Computational Biology and Bioinformatics
Banik, Sreya (School: Lincoln Park Academy)
The purpose of this in-silico experiment was to explore a way to model the transition of bacterial populations (persister and normal). The hypothesis theorizes that by studying the role of rate parameters in chemical kinetics, a general computational model will produce results that explain the dynamics of bacteria. The approach for this study was to use kinetic rate equations. The rate equations represent the growth rates of bacteria over a span of 6 hours. Mathematica was used in application to come up with the dependence of rate constants. A total of 1000 different simulations were carried out to check the dependency of the cellular population of the rate parameters.
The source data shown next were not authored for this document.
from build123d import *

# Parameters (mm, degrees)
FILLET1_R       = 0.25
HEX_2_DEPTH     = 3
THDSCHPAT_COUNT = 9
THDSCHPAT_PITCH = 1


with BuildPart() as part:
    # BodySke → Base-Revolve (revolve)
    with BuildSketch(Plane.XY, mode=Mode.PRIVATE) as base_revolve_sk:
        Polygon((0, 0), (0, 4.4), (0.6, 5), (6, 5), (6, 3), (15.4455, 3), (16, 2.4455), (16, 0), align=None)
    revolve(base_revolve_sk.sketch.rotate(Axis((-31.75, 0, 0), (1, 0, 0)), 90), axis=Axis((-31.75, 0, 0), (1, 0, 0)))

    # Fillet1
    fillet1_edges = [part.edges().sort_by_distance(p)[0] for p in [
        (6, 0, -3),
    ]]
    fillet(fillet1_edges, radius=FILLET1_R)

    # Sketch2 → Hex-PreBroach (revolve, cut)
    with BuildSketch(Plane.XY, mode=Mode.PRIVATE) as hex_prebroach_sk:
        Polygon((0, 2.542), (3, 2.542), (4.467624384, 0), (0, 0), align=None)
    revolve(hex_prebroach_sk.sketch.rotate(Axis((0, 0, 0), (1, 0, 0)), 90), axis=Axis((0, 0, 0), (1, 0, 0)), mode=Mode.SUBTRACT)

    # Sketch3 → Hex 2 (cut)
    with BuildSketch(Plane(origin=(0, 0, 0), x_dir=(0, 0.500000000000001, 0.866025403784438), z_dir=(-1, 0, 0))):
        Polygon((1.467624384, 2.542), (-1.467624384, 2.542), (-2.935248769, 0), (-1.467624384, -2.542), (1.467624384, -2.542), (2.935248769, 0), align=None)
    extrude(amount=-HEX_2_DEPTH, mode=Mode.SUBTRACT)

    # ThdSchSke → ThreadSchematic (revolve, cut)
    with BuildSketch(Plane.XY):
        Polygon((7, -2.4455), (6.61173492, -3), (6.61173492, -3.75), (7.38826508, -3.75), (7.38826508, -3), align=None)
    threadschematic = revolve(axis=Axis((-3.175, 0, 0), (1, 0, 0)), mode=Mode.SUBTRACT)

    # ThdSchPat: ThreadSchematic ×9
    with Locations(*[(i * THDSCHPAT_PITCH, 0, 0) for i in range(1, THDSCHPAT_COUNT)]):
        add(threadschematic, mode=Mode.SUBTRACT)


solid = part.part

In each of the simulation, the rates were perturbed randomly. There were two groups that were tested: Persister and Normal. Along with that, there were 4 parameter values that affected the CFU (Colony Forming Units). After computing the CFU, next correlation coefficient was calculated. Correlation Coefficient (CC) is used to generate the scatter plots to help determine the strength of the variables (parameter and population). For normal cells, the CC values were .037, -.024, .917, & -.037; for persister, the values were .046, -.1, .912, & -.037. These suggest that the parameters a and μn shows a positive correlation with cellular population. While parameters b and μp show a negative correlation. These results provide support that the hypothesis, there will be a way to graphically showcase the dynamics of persister and normal bacteria using rate parameters.